# About this exercise:
Give back, word for word, only the lines from the opening of the records through the one with "#4=PRODUCT('Part','Part','',(#3));". Pictures stay out.

# Saved entries:
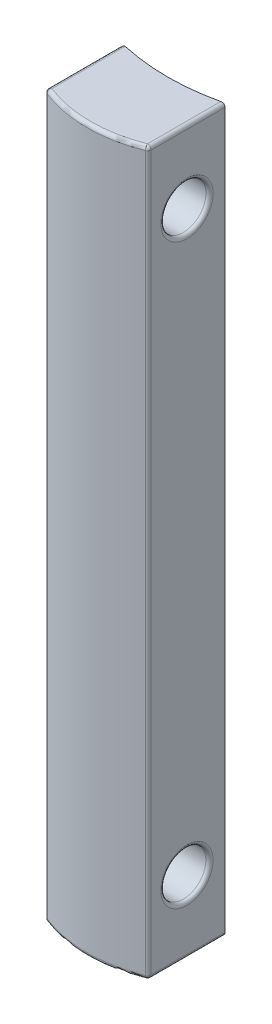
ISO-10303-21;
HEADER;
FILE_DESCRIPTION(('STEP AP214'),'2;1');
FILE_NAME('part.step','',(''),(''),'','','');
FILE_SCHEMA(('AUTOMOTIVE_DESIGN { 1 0 10303 214 1 1 1 1 }'));
ENDSEC;
DATA;
#1=APPLICATION_CONTEXT('core data for automotive mechanical design processes');
#2=APPLICATION_PROTOCOL_DEFINITION('international standard','automotive_design',2000,#1);
#3=PRODUCT_CONTEXT('',#1,'mechanical');
#4=PRODUCT('Part','Part','',(#3));
#5=PRODUCT_RELATED_PRODUCT_CATEGORY('part','',(#4));
#6=PRODUCT_DEFINITION_FORMATION('','',#4);
#7=PRODUCT_DEFINITION_CONTEXT('part definition',#1,'design');
#8=PRODUCT_DEFINITION('design','',#6,#7);
#9=PRODUCT_DEFINITION_SHAPE('','',#8);
#10=(LENGTH_UNIT() NAMED_UNIT(*) SI_UNIT(.MILLI.,.METRE.));
#11=(NAMED_UNIT(*) PLANE_ANGLE_UNIT() SI_UNIT($,.RADIAN.));
#12=(NAMED_UNIT(*) SI_UNIT($,.STERADIAN.) SOLID_ANGLE_UNIT());
#13=UNCERTAINTY_MEASURE_WITH_UNIT(LENGTH_MEASURE(1.E-05),#10,'distance_accuracy_value','');
#14=(GEOMETRIC_REPRESENTATION_CONTEXT(3) GLOBAL_UNCERTAINTY_ASSIGNED_CONTEXT((#13)) GLOBAL_UNIT_ASSIGNED_CONTEXT((#10,
#11,#12)) REPRESENTATION_CONTEXT('',''));
#15=CARTESIAN_POINT('',(0.,0.,0.));
#16=DIRECTION('',(0.,0.,1.));
#17=DIRECTION('',(1.,0.,0.));
#18=AXIS2_PLACEMENT_3D('',#15,#16,#17);
#19=CARTESIAN_POINT('',(0.,254.,-57.5715581610643));
#20=DIRECTION('',(0.,-1.,0.));
#21=DIRECTION('',(0.,0.,-1.));
#22=AXIS2_PLACEMENT_3D('',#19,#20,#21);
#23=CYLINDRICAL_SURFACE('',#22,76.2);
#24=CARTESIAN_POINT('',(0.,0.,-57.5715581610643));
#25=DIRECTION('',(0.,-1.,0.));
#26=DIRECTION('',(0.,0.,1.));
#27=AXIS2_PLACEMENT_3D('',#24,#25,#26);
#28=CIRCLE('',#27,76.2);
#29=CARTESIAN_POINT('',(16.8275,0.,16.747182703875));
#30=VERTEX_POINT('',#29);
#31=CARTESIAN_POINT('',(-16.5516393442623,0.,16.8091062283956));
#32=VERTEX_POINT('',#31);
#33=EDGE_CURVE('E333',#30,#32,#28,.T.);
#34=ORIENTED_EDGE('',*,*,#33,.T.);
#35=DIRECTION('',(0.,-1.,0.));
#36=VECTOR('',#35,1.);
#37=CARTESIAN_POINT('',(-16.5516393442623,254.,16.8091062283956));
#38=LINE('',#37,#36);
#39=CARTESIAN_POINT('',(-16.5516393442623,254.,16.8091062283956));
#40=VERTEX_POINT('',#39);
#41=EDGE_CURVE('E11',#32,#40,#38,.F.);
#42=ORIENTED_EDGE('',*,*,#41,.T.);
#43=CARTESIAN_POINT('',(0.,254.,-57.5715581610643));
#44=DIRECTION('',(0.,-1.,0.));
#45=DIRECTION('',(0.,0.,1.));
#46=AXIS2_PLACEMENT_3D('',#43,#44,#45);
#47=CIRCLE('',#46,76.2);
#48=CARTESIAN_POINT('',(16.8275,254.,16.747182703875));
#49=VERTEX_POINT('',#48);
#50=EDGE_CURVE('E133',#49,#40,#47,.T.);
#51=ORIENTED_EDGE('',*,*,#50,.F.);
#52=CARTESIAN_POINT('',(16.8275,254.,16.747182703875));
#53=CARTESIAN_POINT('',(16.8639896154446,253.999999255623,16.7389207577266));
#54=CARTESIAN_POINT('',(16.9004555622564,253.998426447852,16.7306355715348));
#55=CARTESIAN_POINT('',(16.9731178791203,253.992151677928,16.7140706972601));
#56=CARTESIAN_POINT('',(17.0093142530208,253.987449760534,16.7057910091004));
#57=CARTESIAN_POINT('',(17.117096876584,253.968684983386,16.6810539480163));
#58=CARTESIAN_POINT('',(17.187948906688,253.949963032734,16.6646822066409));
#59=CARTESIAN_POINT('',(17.3255488662206,253.900556070991,16.6326894504217));
#60=CARTESIAN_POINT('',(17.3922941006671,253.869863299272,16.6170689299855));
#61=CARTESIAN_POINT('',(17.5197038858787,253.797296881884,16.5870843439642));
#62=CARTESIAN_POINT('',(17.580370523602,253.755427091826,16.5727198473669));
#63=CARTESIAN_POINT('',(17.6931925521212,253.662085134973,16.5458775267117));
#64=CARTESIAN_POINT('',(17.7454294203061,253.610716671703,16.533381739601));
#65=CARTESIAN_POINT('',(17.8405011805224,253.499467261713,16.5105511135447));
#66=CARTESIAN_POINT('',(17.8833349408527,253.439585291786,16.5002165347162));
#67=CARTESIAN_POINT('',(17.9572047047573,253.314640232585,16.4823425628869));
#68=CARTESIAN_POINT('',(17.9885109280943,253.24974583488,16.4747392663632));
#69=CARTESIAN_POINT('',(18.0397406208682,253.115393440045,16.4622750517539));
#70=CARTESIAN_POINT('',(18.0596754978668,253.045940094677,16.4574113853745));
#71=CARTESIAN_POINT('',(18.0815369441594,252.934915920895,16.4520737763313));
#72=CARTESIAN_POINT('',(18.0875197300893,252.894148018241,16.4506118791123));
#73=CARTESIAN_POINT('',(18.0954998522558,252.812260166365,16.448661316185));
#74=CARTESIAN_POINT('',(18.0975028917215,252.771140805857,16.4481712577721));
#75=CARTESIAN_POINT('',(18.0975,252.73,16.4481722744756));
#76=B_SPLINE_CURVE_WITH_KNOTS('',3,(#52,#53,#54,#55,#56,#57,#58,#59,#60,#61,#62,#63,#64,#65,#66,
#67,#68,#69,#70,#71,#72,#73,#74,#75),.UNSPECIFIED.,.F.,.F.,(4,2,2,2,2,2,2,2,2,2,2,4),(0.,
0.112171064517658,0.224340524551698,0.448459921117349,0.672724855447007,0.896912527389801,
1.11878341774069,1.34068099650411,1.55698405247116,1.77306973315216,1.89657568289654,
2.01990451275881),.UNSPECIFIED.);
#77=CARTESIAN_POINT('',(18.0975,252.73,16.4481722744756));
#78=VERTEX_POINT('',#77);
#79=EDGE_CURVE('E127',#49,#78,#76,.T.);
#80=ORIENTED_EDGE('',*,*,#79,.T.);
#81=DIRECTION('',(0.,-1.,0.));
#82=VECTOR('',#81,1.);
#83=CARTESIAN_POINT('',(18.0975,254.,16.4481722744756));
#84=LINE('',#83,#82);
#85=CARTESIAN_POINT('',(18.0975,1.26999999999999,16.4481722744756));
#86=VERTEX_POINT('',#85);
#87=EDGE_CURVE('E130',#78,#86,#84,.T.);
#88=ORIENTED_EDGE('',*,*,#87,.T.);
#89=CARTESIAN_POINT('',(18.0975,1.26999999999999,16.4481722744756));
#90=CARTESIAN_POINT('',(18.0975002994971,1.23499416079788,16.4481720551778));
#91=CARTESIAN_POINT('',(18.0960517171084,1.20000537635232,16.4485263892362));
#92=CARTESIAN_POINT('',(18.0902763082318,1.1302842807499,16.4499381503823));
#93=CARTESIAN_POINT('',(18.0859497959961,1.09555194200938,16.450995500705));
#94=CARTESIAN_POINT('',(18.0687105809522,0.992231907847696,16.4552062326437));
#95=CARTESIAN_POINT('',(18.0515379752854,0.924346212941687,16.459398361635));
#96=CARTESIAN_POINT('',(18.006388887891,0.79252409307302,16.470392731223));
#97=CARTESIAN_POINT('',(17.978410434683,0.728588391240104,16.4771954481087));
#98=CARTESIAN_POINT('',(17.9125369537443,0.60636419225183,16.4931578929706));
#99=CARTESIAN_POINT('',(17.8746412898318,0.548076057712462,16.5023177721564));
#100=CARTESIAN_POINT('',(17.7895374109295,0.437960695614619,16.5228025752616));
#101=CARTESIAN_POINT('',(17.7422156464106,0.386226249688765,16.5341538400569));
#102=CARTESIAN_POINT('',(17.6399599863692,0.291392389241404,16.5585610241039));
#103=CARTESIAN_POINT('',(17.5850242113896,0.248295113180033,16.5716173641936));
#104=CARTESIAN_POINT('',(17.467519939505,0.170744282521786,16.5993895482886));
#105=CARTESIAN_POINT('',(17.4047858805322,0.136554415411501,16.6141405840076));
#106=CARTESIAN_POINT('',(17.2746745304595,0.0792078885385913,16.6445457298723));
#107=CARTESIAN_POINT('',(17.207298402425,0.0560484765309954,16.6601996136513));
#108=CARTESIAN_POINT('',(17.0876948582205,0.0258327839098748,16.6878076230442));
#109=CARTESIAN_POINT('',(17.0360903788796,0.0161538457197487,16.6996639256655));
#110=CARTESIAN_POINT('',(16.9321673502344,0.00323718304959946,16.7234254207536));
#111=CARTESIAN_POINT('',(16.87984986152,-9.23856613449047E-06,16.7353305253695));
#112=CARTESIAN_POINT('',(16.8275,0.,16.747182703875));
#113=B_SPLINE_CURVE_WITH_KNOTS('',3,(#89,#90,#91,#92,#93,#94,#95,#96,#97,#98,#99,#100,#101,#102,
#103,#104,#105,#106,#107,#108,#109,#110,#111,#112),.UNSPECIFIED.,.F.,.F.,(4,2,2,2,2,2,2,2,2,2,2,
4),(0.,0.104952045724521,0.209892633211034,0.419255642430889,0.628656867088506,
0.838071527970875,1.05018070038622,1.26234232379802,1.48021081926794,1.69802492514076,
1.85913105207359,2.02001920513117),.UNSPECIFIED.);
#114=EDGE_CURVE('E53',#86,#30,#113,.T.);
#115=ORIENTED_EDGE('',*,*,#114,.T.);
#116=EDGE_LOOP('',(#34,#42,#51,#80,#88,#115));
#117=FACE_BOUND('',#116,.T.);
#118=ADVANCED_FACE('F43',(#117),#23,.F.);
#119=CARTESIAN_POINT('',(-18.0975,254.,16.4481722744756));
#120=DIRECTION('',(1.,0.,0.));
#121=DIRECTION('',(0.,0.,-1.));
#122=AXIS2_PLACEMENT_3D('',#119,#120,#121);
#123=PLANE('',#122);
#124=CARTESIAN_POINT('',(-18.0975,228.6,29.9066862681608));
#125=DIRECTION('',(1.,0.,0.));
#126=DIRECTION('',(0.,0.,-1.));
#127=AXIS2_PLACEMENT_3D('',#124,#125,#126);
#128=CIRCLE('',#127,9.2075);
#129=CARTESIAN_POINT('',(-18.0975,228.6,20.6991862681608));
#130=VERTEX_POINT('',#129);
#131=EDGE_CURVE('E189',#130,#130,#128,.T.);
#132=ORIENTED_EDGE('',*,*,#131,.T.);
#133=EDGE_LOOP('',(#132));
#134=FACE_BOUND('',#133,.T.);
#135=CARTESIAN_POINT('',(-18.0975,25.4,29.9066862681608));
#136=DIRECTION('',(1.,0.,0.));
#137=DIRECTION('',(0.,0.,-1.));
#138=AXIS2_PLACEMENT_3D('',#135,#136,#137);
#139=CIRCLE('',#138,9.2075);
#140=CARTESIAN_POINT('',(-18.0975,25.4,20.6991862681608));
#141=VERTEX_POINT('',#140);
#142=EDGE_CURVE('E185',#141,#141,#139,.T.);
#143=ORIENTED_EDGE('',*,*,#142,.T.);
#144=EDGE_LOOP('',(#143));
#145=FACE_BOUND('',#144,.T.);
#146=DIRECTION('',(0.,-1.,0.));
#147=VECTOR('',#146,1.);
#148=CARTESIAN_POINT('',(-18.0975,254.,18.0487839682199));
#149=LINE('',#148,#147);
#150=CARTESIAN_POINT('',(-18.0975,252.73,18.0487839682199));
#151=VERTEX_POINT('',#150);
#152=CARTESIAN_POINT('',(-18.0975,1.26999999999999,18.0487839682199));
#153=VERTEX_POINT('',#152);
#154=EDGE_CURVE('E178',#151,#153,#149,.T.);
#155=ORIENTED_EDGE('',*,*,#154,.T.);
#156=DIRECTION('',(0.,0.,1.));
#157=VECTOR('',#156,1.);
#158=CARTESIAN_POINT('',(-18.0975,1.26999999999999,16.4481722744756));
#159=LINE('',#158,#157);
#160=CARTESIAN_POINT('',(-18.0975,1.26999999999999,42.5106297736225));
#161=VERTEX_POINT('',#160);
#162=EDGE_CURVE('E181',#153,#161,#159,.T.);
#163=ORIENTED_EDGE('',*,*,#162,.T.);
#164=DIRECTION('',(0.,-1.,0.));
#165=VECTOR('',#164,1.);
#166=CARTESIAN_POINT('',(-18.0975,254.,42.5106297736225));
#167=LINE('',#166,#165);
#168=CARTESIAN_POINT('',(-18.0975,252.73,42.5106297736225));
#169=VERTEX_POINT('',#168);
#170=EDGE_CURVE('E172',#161,#169,#167,.F.);
#171=ORIENTED_EDGE('',*,*,#170,.T.);
#172=DIRECTION('',(0.,0.,1.));
#173=VECTOR('',#172,1.);
#174=CARTESIAN_POINT('',(-18.0975,252.73,16.4481722744756));
#175=LINE('',#174,#173);
#176=EDGE_CURVE('E175',#169,#151,#175,.F.);
#177=ORIENTED_EDGE('',*,*,#176,.T.);
#178=EDGE_LOOP('',(#155,#163,#171,#177));
#179=FACE_BOUND('',#178,.T.);
#180=ADVANCED_FACE('F253',(#134,#145,#179),#123,.F.);
#181=CARTESIAN_POINT('',(0.,254.,0.));
#182=DIRECTION('',(0.,-1.,0.));
#183=DIRECTION('',(0.,0.,-1.));
#184=AXIS2_PLACEMENT_3D('',#181,#182,#183);
#185=CYLINDRICAL_SURFACE('',#184,46.99);
#186=CARTESIAN_POINT('',(0.,252.73,0.));
#187=DIRECTION('',(0.,1.,0.));
#188=DIRECTION('',(0.,0.,1.));
#189=AXIS2_PLACEMENT_3D('',#186,#187,#188);
#190=CIRCLE('',#189,46.99);
#191=CARTESIAN_POINT('',(17.2949305555556,252.73,43.6914806006676));
#192=VERTEX_POINT('',#191);
#193=CARTESIAN_POINT('',(-17.2949305555556,252.73,43.6914806006676));
#194=VERTEX_POINT('',#193);
#195=EDGE_CURVE('E220',#192,#194,#190,.F.);
#196=ORIENTED_EDGE('',*,*,#195,.T.);
#197=DIRECTION('',(0.,-1.,0.));
#198=VECTOR('',#197,1.);
#199=CARTESIAN_POINT('',(-17.2949305555556,254.,43.6914806006676));
#200=LINE('',#199,#198);
#201=CARTESIAN_POINT('',(-17.2949305555556,1.26999999999999,43.6914806006676));
#202=VERTEX_POINT('',#201);
#203=EDGE_CURVE('E224',#194,#202,#200,.T.);
#204=ORIENTED_EDGE('',*,*,#203,.T.);
#205=CARTESIAN_POINT('',(0.,1.26999999999999,0.));
#206=DIRECTION('',(0.,1.,0.));
#207=DIRECTION('',(0.,0.,1.));
#208=AXIS2_PLACEMENT_3D('',#205,#206,#207);
#209=CIRCLE('',#208,46.99);
#210=CARTESIAN_POINT('',(17.2949305555556,1.26999999999999,43.6914806006676));
#211=VERTEX_POINT('',#210);
#212=EDGE_CURVE('E217',#202,#211,#209,.T.);
#213=ORIENTED_EDGE('',*,*,#212,.T.);
#214=DIRECTION('',(0.,-1.,0.));
#215=VECTOR('',#214,1.);
#216=CARTESIAN_POINT('',(17.2949305555556,254.,43.6914806006676));
#217=LINE('',#216,#215);
#218=EDGE_CURVE('E214',#211,#192,#217,.F.);
#219=ORIENTED_EDGE('',*,*,#218,.T.);
#220=EDGE_LOOP('',(#196,#204,#213,#219));
#221=FACE_BOUND('',#220,.T.);
#222=ADVANCED_FACE('F359',(#221),#185,.T.);
#223=CARTESIAN_POINT('',(18.0975,254.,16.4481722744756));
#224=DIRECTION('',(-1.,0.,0.));
#225=DIRECTION('',(0.,0.,1.));
#226=AXIS2_PLACEMENT_3D('',#223,#224,#225);
#227=PLANE('',#226);
#228=CARTESIAN_POINT('',(18.0975,228.6,29.9066862681608));
#229=DIRECTION('',(-1.,0.,0.));
#230=DIRECTION('',(0.,0.,1.));
#231=AXIS2_PLACEMENT_3D('',#228,#229,#230);
#232=CIRCLE('',#231,9.2075);
#233=CARTESIAN_POINT('',(18.0975,228.6,39.1141862681608));
#234=VERTEX_POINT('',#233);
#235=EDGE_CURVE('E168',#234,#234,#232,.T.);
#236=ORIENTED_EDGE('',*,*,#235,.T.);
#237=EDGE_LOOP('',(#236));
#238=FACE_BOUND('',#237,.T.);
#239=CARTESIAN_POINT('',(18.0975,25.4,29.9066862681608));
#240=DIRECTION('',(-1.,0.,0.));
#241=DIRECTION('',(0.,0.,1.));
#242=AXIS2_PLACEMENT_3D('',#239,#240,#241);
#243=CIRCLE('',#242,9.2075);
#244=CARTESIAN_POINT('',(18.0975,25.4,39.1141862681608));
#245=VERTEX_POINT('',#244);
#246=EDGE_CURVE('E159',#245,#245,#243,.T.);
#247=ORIENTED_EDGE('',*,*,#246,.T.);
#248=EDGE_LOOP('',(#247));
#249=FACE_BOUND('',#248,.T.);
#250=DIRECTION('',(0.,-1.,0.));
#251=VECTOR('',#250,1.);
#252=CARTESIAN_POINT('',(18.0975,254.,42.5106297736225));
#253=LINE('',#252,#251);
#254=CARTESIAN_POINT('',(18.0975,252.73,42.5106297736225));
#255=VERTEX_POINT('',#254);
#256=CARTESIAN_POINT('',(18.0975,1.26999999999999,42.5106297736225));
#257=VERTEX_POINT('',#256);
#258=EDGE_CURVE('E155',#255,#257,#253,.T.);
#259=ORIENTED_EDGE('',*,*,#258,.T.);
#260=DIRECTION('',(0.,0.,-1.));
#261=VECTOR('',#260,1.);
#262=CARTESIAN_POINT('',(18.0975,1.26999999999999,16.4481722744756));
#263=LINE('',#262,#261);
#264=EDGE_CURVE('E145',#257,#86,#263,.T.);
#265=ORIENTED_EDGE('',*,*,#264,.T.);
#266=ORIENTED_EDGE('',*,*,#87,.F.);
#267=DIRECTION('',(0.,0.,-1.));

# Exercise solution:
ISO-10303-21;
HEADER;
FILE_DESCRIPTION(('STEP AP214'),'2;1');
FILE_NAME('part.step','',(''),(''),'','','');
FILE_SCHEMA(('AUTOMOTIVE_DESIGN { 1 0 10303 214 1 1 1 1 }'));
ENDSEC;
DATA;
#1=APPLICATION_CONTEXT('core data for automotive mechanical design processes');
#2=APPLICATION_PROTOCOL_DEFINITION('international standard','automotive_design',2000,#1);
#3=PRODUCT_CONTEXT('',#1,'mechanical');
#4=PRODUCT('Part','Part','',(#3));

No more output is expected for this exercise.